Output exactly the lines that run from the start of the records to the line with "F1: Polyfuse; Fuse_1206_3216Metric_Pad1.42x1.75mm_HandSolder;", counting both ends, and skip the pictures.
+++ MATERIAL SHOWN
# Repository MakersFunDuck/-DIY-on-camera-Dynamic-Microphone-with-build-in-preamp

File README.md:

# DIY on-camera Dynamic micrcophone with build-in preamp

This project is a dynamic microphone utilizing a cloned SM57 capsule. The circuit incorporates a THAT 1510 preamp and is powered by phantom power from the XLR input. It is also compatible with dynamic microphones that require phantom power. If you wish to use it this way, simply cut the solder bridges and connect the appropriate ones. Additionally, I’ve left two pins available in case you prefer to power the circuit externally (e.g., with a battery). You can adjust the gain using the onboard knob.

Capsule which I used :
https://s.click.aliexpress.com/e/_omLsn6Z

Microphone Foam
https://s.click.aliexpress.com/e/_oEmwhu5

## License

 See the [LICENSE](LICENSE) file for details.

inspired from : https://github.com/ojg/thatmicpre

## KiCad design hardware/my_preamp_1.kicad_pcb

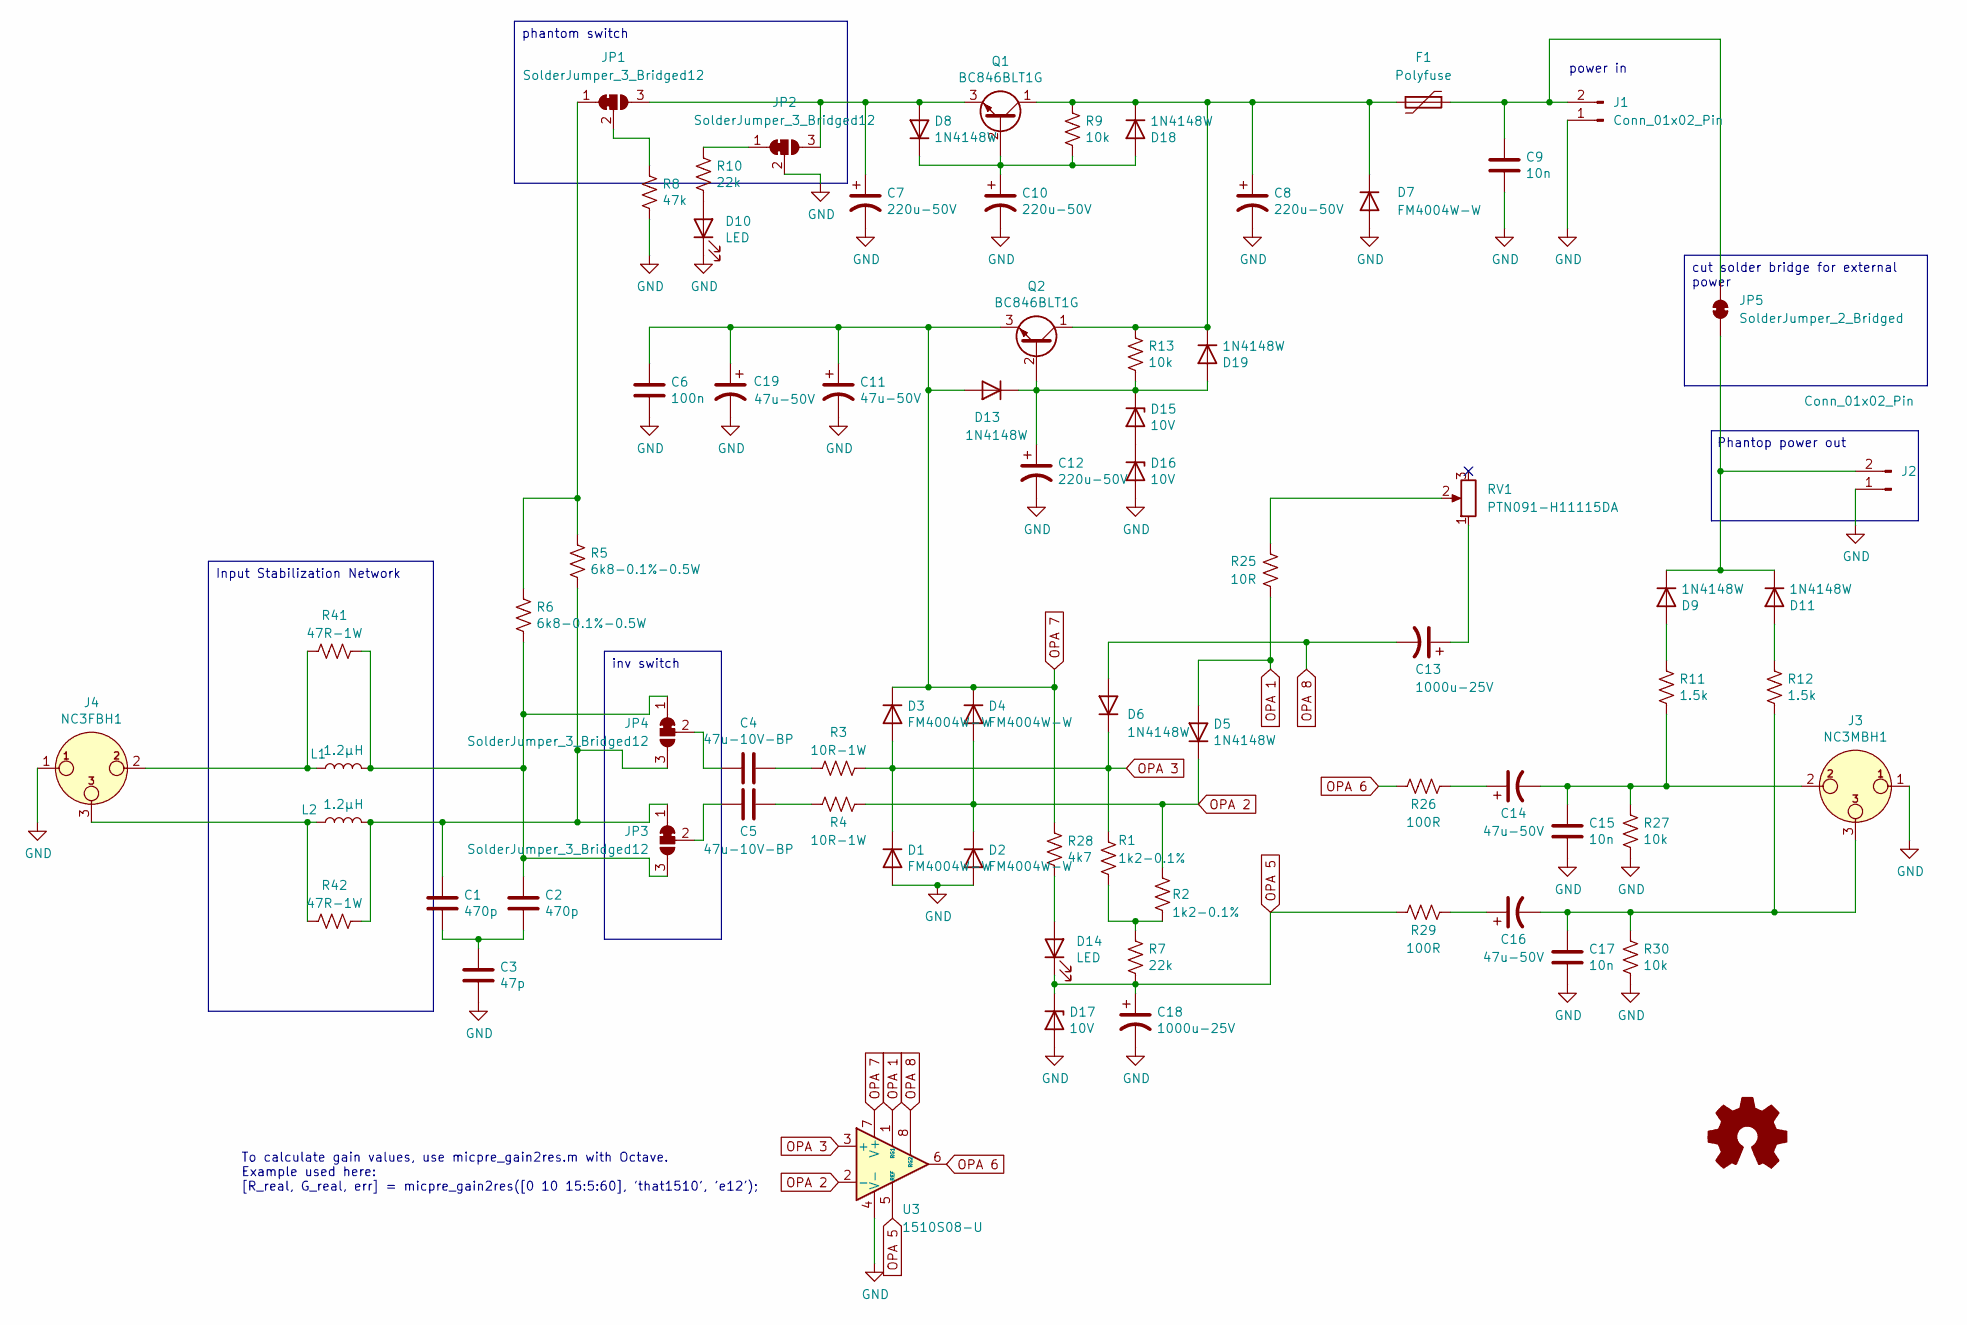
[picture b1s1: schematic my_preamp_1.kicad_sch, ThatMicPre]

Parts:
C1, C2: 470p; C_0805_2012Metric_Pad1.18x1.45mm_HandSolder; Mfr Part Nr ECH-U1H471GX5
C3: 47p; C_0805_2012Metric_Pad1.18x1.45mm_HandSolder; Mfr Part Nr C0805C470J5GAC7210
C4, C5: 47u-10V-BP; CP_Elec_8x5.4; Mfr Part Nr UWP1A470MCL1GB
C6: 100n; C_0805_2012Metric_Pad1.18x1.45mm_HandSolder; Mfr Part Nr KGF21BR71H104KT
C7, C8, C10, C12: 220u-50V; C_Elec_10x10.2; Mfr Part Nr 865080657018
C9, C15, C17: 10n; C_0603_1608Metric_Pad1.08x0.95mm_HandSolder; Mfr Part Nr CC0603MRY5V9BB103
C11, C14, C16, C19: 47u-50V; CP_Elec_8x10.5; Mfr Part Nr ATB476M063
C13, C18: 1000u-25V; C_Elec_10x10.2; Mfr Part Nr EEE-FT1E102UL
D1, D2, D3, D4, D7: FM4004W-W; D_SMA_Handsoldering; Mfr Part Nr FM4004W-W
D5, D6, D8, D9, D11, D13, D18, D19: 1N4148W; D_SOD-123F; Mfr Part Nr 1N4148W
D10, D14: LED; LED_0402_1005Metric_Pad0.77x0.64mm_HandSolder; Mfr Part Nr SML-P12YTT86RR
D15, D16, D17: 10V; D_SOD-323; Mfr Part Nr BZX384-B10-QX
F1: Polyfuse; Fuse_1206_3216Metric_Pad1.42x1.75mm_HandSolder; Mfr Part Nr PTS120660V005
J1, J2: Conn_01x02_Pin; PinHeader_1x02_P2.54mm_Vertical
J3: NC3MBH1; Jack_XLR_Neutrik_NC3MBH-0_Horizontal; Mfr Part Nr NC3MBH
J4: NC3FBH1; Jack_XLR_Neutrik_NC3MAFH-PH_Horizontal; Mfr Part Nr NC3FBH1
JP1, JP2, JP3, JP4: SolderJumper_3_Bridged12; SolderJumper-3_P1.3mm_Bridged12_RoundedPad1.0x1.5mm_NumberL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
JP5: SolderJumper_2_Bridged; SolderJumper-2_P1.3mm_Bridged_RoundedPad1.0x1.5mm
L1, L2: 1.2μH; L_0402_1005Metric_Pad0.77x0.64mm_HandSolder; Mfr Part Nr MLF1005G1R2JTD25
Q1, Q2: BC846BLT1G; SOT-23-3; Mfr Part Nr BC846BLT1G
R1, R2: 1k2-0.1%; R_0402_1005Metric_Pad0.72x0.64mm_HandSolder; Mfr Part Nr RT0402BRD071K21L
R3, R4: 10R-1W; R_0402_1005Metric_Pad0.72x0.64mm_HandSolder; Mfr Part Nr RT0402BRD0710RL
R5, R6: 6k8-0.1%-0.5W; R_0402_1005Metric_Pad0.72x0.64mm_HandSolder; Mfr Part Nr RT0402BRD076K81L
R7, R10: 22k; R_0402_1005Metric_Pad0.72x0.64mm_HandSolder; Mfr Part Nr RE0402DRE0722KL
R8: 47k; R_0402_1005Metric_Pad0.72x0.64mm_HandSolder; Mfr Part Nr RT0402FRE0747KL
R9, R13: 10k; R_0402_1005Metric_Pad0.72x0.64mm_HandSolder; Mfr Part Nr RP0402BRD0747KL
R11, R12: 1.5k; R_0402_1005Metric_Pad0.72x0.64mm_HandSolder; Mfr Part Nr ERA-2APB152X
R25: 10R; R_0402_1005Metric_Pad0.72x0.64mm_HandSolder; Mfr Part Nr RT0402BRD0710RL
R26, R29: 100R; R_0402_1005Metric_Pad0.72x0.64mm_HandSolder; Mfr Part Nr RP0402BRD07100RL
R27, R30: 10k; R_0402_1005Metric_Pad0.72x0.64mm_HandSolder; Mfr Part Nr MCS0402MD1002BE100
R28: 4k7; R_0402_1005Metric_Pad0.72x0.64mm_HandSolder; Mfr Part Nr RP0402BRD074K7L
R41, R42: 47R-1W; R_0402_1005Metric_Pad0.72x0.64mm_HandSolder; Mfr Part Nr RT0402BRD0747R5L
RV1: PTN091-H11115DA; Potentiometer_Vishay_T73XW_Horizontal; Mfr Part Nr PTN091-H11115DA
U3: 1510S08-U; SOIC-8W_5.3x5.3mm_P1.27mm; Mfr Part Nr 1510S08-U

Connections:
GND: C3.2, C6.2, C7.2, C8.2, C9.2, C10.2, C11.2, C12.2, C15.2, C17.2, C18.2, C19.2, D1.2 (A), D2.2 (A), D7.2 (A), D10.1 (K), D16.2 (A), D17.2 (A), J1.1, J2.1, J3.1, J4.1, JP2.2 (C), R8.2, R27.2, R30.2, U3.4 (V-)
unnamed: C1.2, C2.2, C3.1
unnamed: C4.2, R3.2
unnamed: C5.2, R4.2
unnamed: C13.1, RV1.1
unnamed: C14.1, R26.1
unnamed: C14.2, C15.1, J3.2, R11.2, R27.1
unnamed: C16.1, R29.1
unnamed: C16.2, C17.1, J3.3, R12.2, R30.1
unnamed: C7.1, D8.2 (A), JP1.3 (B), JP2.3 (B), Q1.3 (E)
unnamed: D9.2 (A), R11.1
unnamed: D10.2 (A), R10.2
unnamed: D11.2 (A), R12.1
unnamed: D9.1 (K), D11.1 (K), J2.2, JP5.1 (A)
unnamed: C12.1, D13.1 (K), D15.1 (K), D19.2 (A), Q2.2 (B), R13.2
unnamed: D14.2 (A), R28.2
unnamed: D15.2 (A), D16.1 (K)
unnamed: C10.1, D8.1 (K), D18.2 (A), Q1.2 (B), R9.2
unnamed: C8.1, D7.1 (K), D18.1 (K), D19.1 (K), F1.2, Q1.1 (C), Q2.1 (C), R9.1, R13.1
unnamed: C9.1, F1.1, J1.2, JP5.2 (B)
unnamed: J4.2, L1.1, R41.2
unnamed: J4.3, L2.1, R42.2
unnamed: JP1.1 (A), R5.1, R6.1
unnamed: JP1.2 (C), R8.1
unnamed: JP2.1 (A), R10.1
unnamed: C1.1, JP3.1 (A), JP4.3 (B), L2.2, R5.2, R42.1
unnamed: C2.1, JP3.3 (B), JP4.1 (A), L1.2, R6.2, R41.1
unnamed: C5.1, JP3.2 (C)
unnamed: C4.1, JP4.2 (C)
unnamed: R1.2, R2.2, R7.1
unnamed: R25.2, RV1.2
OPA 1: D5.2 (A), R25.1, U3.1 (RG1)
OPA 2: D2.1 (K), D4.2 (A), D5.1 (K), R2.1, R4.1, U3.2 (-)
OPA 3: D1.1 (K), D3.2 (A), D6.1 (K), R1.1, R3.1, U3.3 (+)
OPA 5: C18.1, D14.1 (K), D17.1 (K), R7.2, R29.2, U3.5 (REF)
OPA 6: R26.2, U3.6
OPA 7: C6.1, C11.1, C19.1, D3.1 (K), D4.1 (K), D13.2 (A), Q2.3 (E), R28.1, U3.7 (V+)
OPA 8: C13.2, D6.2 (A), U3.8 (RG2)

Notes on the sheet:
Phantop power out
To calculate gain values, use micpre_gain2res.m with Octave. Example used here: [R_real, G_real, err] = micpre_gain2res([0 10 15:5:60], 'that1510', 'e12');
power in
cut solder bridge for external power
inv switch
Input Stabilization Network
phantom switch

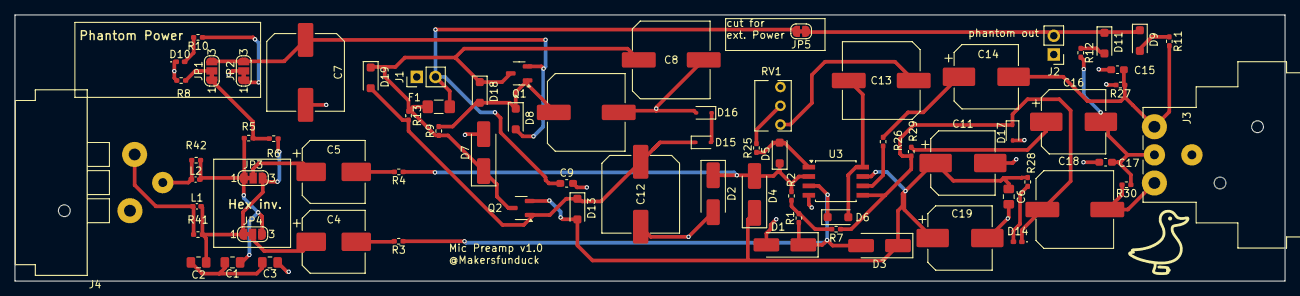
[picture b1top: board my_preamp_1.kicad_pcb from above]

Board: 2 copper layers, 172.0 x 36.1 mm, 74 parts (0 on the bottom side), 38 nets.

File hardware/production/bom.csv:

Designator,Footprint,Quantity,Value,LCSC Part #
"C1, C2",0805,2,470p,
"C10, C12, C7, C8",C_Elec_10x10.2,4,220u-50V,
"C11, C14, C16, C19",CP_Elec_8x10.5,4,47u-50V,
"C13, C18",C_Elec_10x10.2,2,1000u-25V,
"C15, C17, C9",0603,3,10n,
C3,0805,1,47p,
"C4, C5",CP_Elec_8x5.4,2,47u-10V-BP,
C6,0805,1,100n,
"D1, D2, D3, D4, D7",D_SMA_Handsoldering,5,FM4004W-W,
"D10, D14",0402,2,LED,
"D11, D13, D18, D19, D5, D6, D8, D9",D_SOD-123F,8,1N4148W,
"D15, D16",D_SOD-323,2,10V,
D17,D_SOD-323,1,18V,
F1,1206,1,Polyfuse,
"J1, J2",PinHeader_1x02_P2.54mm_Vertical,2,Conn_01x02_Pin,
J3,Jack_XLR_Neutrik_NC3MBH-0_Horizontal,1,NC3MBH1,
J4,Jack_XLR_Neutrik_NC3MBH-1_Horizontal,1,NC3FBH1,
"JP1, JP2, JP3, JP4",SolderJumper-3_P1.3mm_Bridged12_RoundedPad1.0x1.5mm_NumberLabels,4,SolderJumper_3_Bridged12,
"L1, L2",0402,2,1.2μH,
"Q1, Q2",SOT-23-3,2,BC846BLT1G,
"R1, R2",0402,2,1k2-0.1%,
"R10, R7",0402,2,22k,
"R11, R12",0402,2,1.5k,
"R13, R27, R30, R9",0402,4,10k,
R25,0402,1,10R,
"R26, R29",0402,2,100R,
R28,0402,1,4k7,
"R3, R4",0402,2,10R-1W,
"R41, R42",0402,2,47R-1W,
"R5, R6",0402,2,6k8-0.1%-0.5W,
R8,0402,1,47k,
RV1,Potentiometer_Vishay_T73XW_Horizontal,1,PTN091-H11115DA,
U3,SOIC-8W_5.3x5.3mm_P1.27mm,1,1510S08-U,

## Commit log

2025-03-27 first cimmit
    first cimmit
++++++
> _WRITTEN REPLY_
# Repository MakersFunDuck/-DIY-on-camera-Dynamic-Microphone-with-build-in-preamp

File README.md:

# DIY on-camera Dynamic micrcophone with build-in preamp

This project is a dynamic microphone utilizing a cloned SM57 capsule. The circuit incorporates a THAT 1510 preamp and is powered by phantom power from the XLR input. It is also compatible with dynamic microphones that require phantom power. If you wish to use it this way, simply cut the solder bridges and connect the appropriate ones. Additionally, I’ve left two pins available in case you prefer to power the circuit externally (e.g., with a battery). You can adjust the gain using the onboard knob.

Capsule which I used :
https://s.click.aliexpress.com/e/_omLsn6Z

Microphone Foam
https://s.click.aliexpress.com/e/_oEmwhu5

## License

 See the [LICENSE](LICENSE) file for details.

inspired from : https://github.com/ojg/thatmicpre

## KiCad design hardware/my_preamp_1.kicad_pcb

[picture b1s1: schematic my_preamp_1.kicad_sch, ThatMicPre]

Parts:
C1, C2: 470p; C_0805_2012Metric_Pad1.18x1.45mm_HandSolder; Mfr Part Nr ECH-U1H471GX5
C3: 47p; C_0805_2012Metric_Pad1.18x1.45mm_HandSolder; Mfr Part Nr C0805C470J5GAC7210
C4, C5: 47u-10V-BP; CP_Elec_8x5.4; Mfr Part Nr UWP1A470MCL1GB
C6: 100n; C_0805_2012Metric_Pad1.18x1.45mm_HandSolder; Mfr Part Nr KGF21BR71H104KT
C7, C8, C10, C12: 220u-50V; C_Elec_10x10.2; Mfr Part Nr 865080657018
C9, C15, C17: 10n; C_0603_1608Metric_Pad1.08x0.95mm_HandSolder; Mfr Part Nr CC0603MRY5V9BB103
C11, C14, C16, C19: 47u-50V; CP_Elec_8x10.5; Mfr Part Nr ATB476M063
C13, C18: 1000u-25V; C_Elec_10x10.2; Mfr Part Nr EEE-FT1E102UL
D1, D2, D3, D4, D7: FM4004W-W; D_SMA_Handsoldering; Mfr Part Nr FM4004W-W
D5, D6, D8, D9, D11, D13, D18, D19: 1N4148W; D_SOD-123F; Mfr Part Nr 1N4148W
D10, D14: LED; LED_0402_1005Metric_Pad0.77x0.64mm_HandSolder; Mfr Part Nr SML-P12YTT86RR
D15, D16, D17: 10V; D_SOD-323; Mfr Part Nr BZX384-B10-QX
F1: Polyfuse; Fuse_1206_3216Metric_Pad1.42x1.75mm_HandSolder; Mfr Part Nr PTS120660V005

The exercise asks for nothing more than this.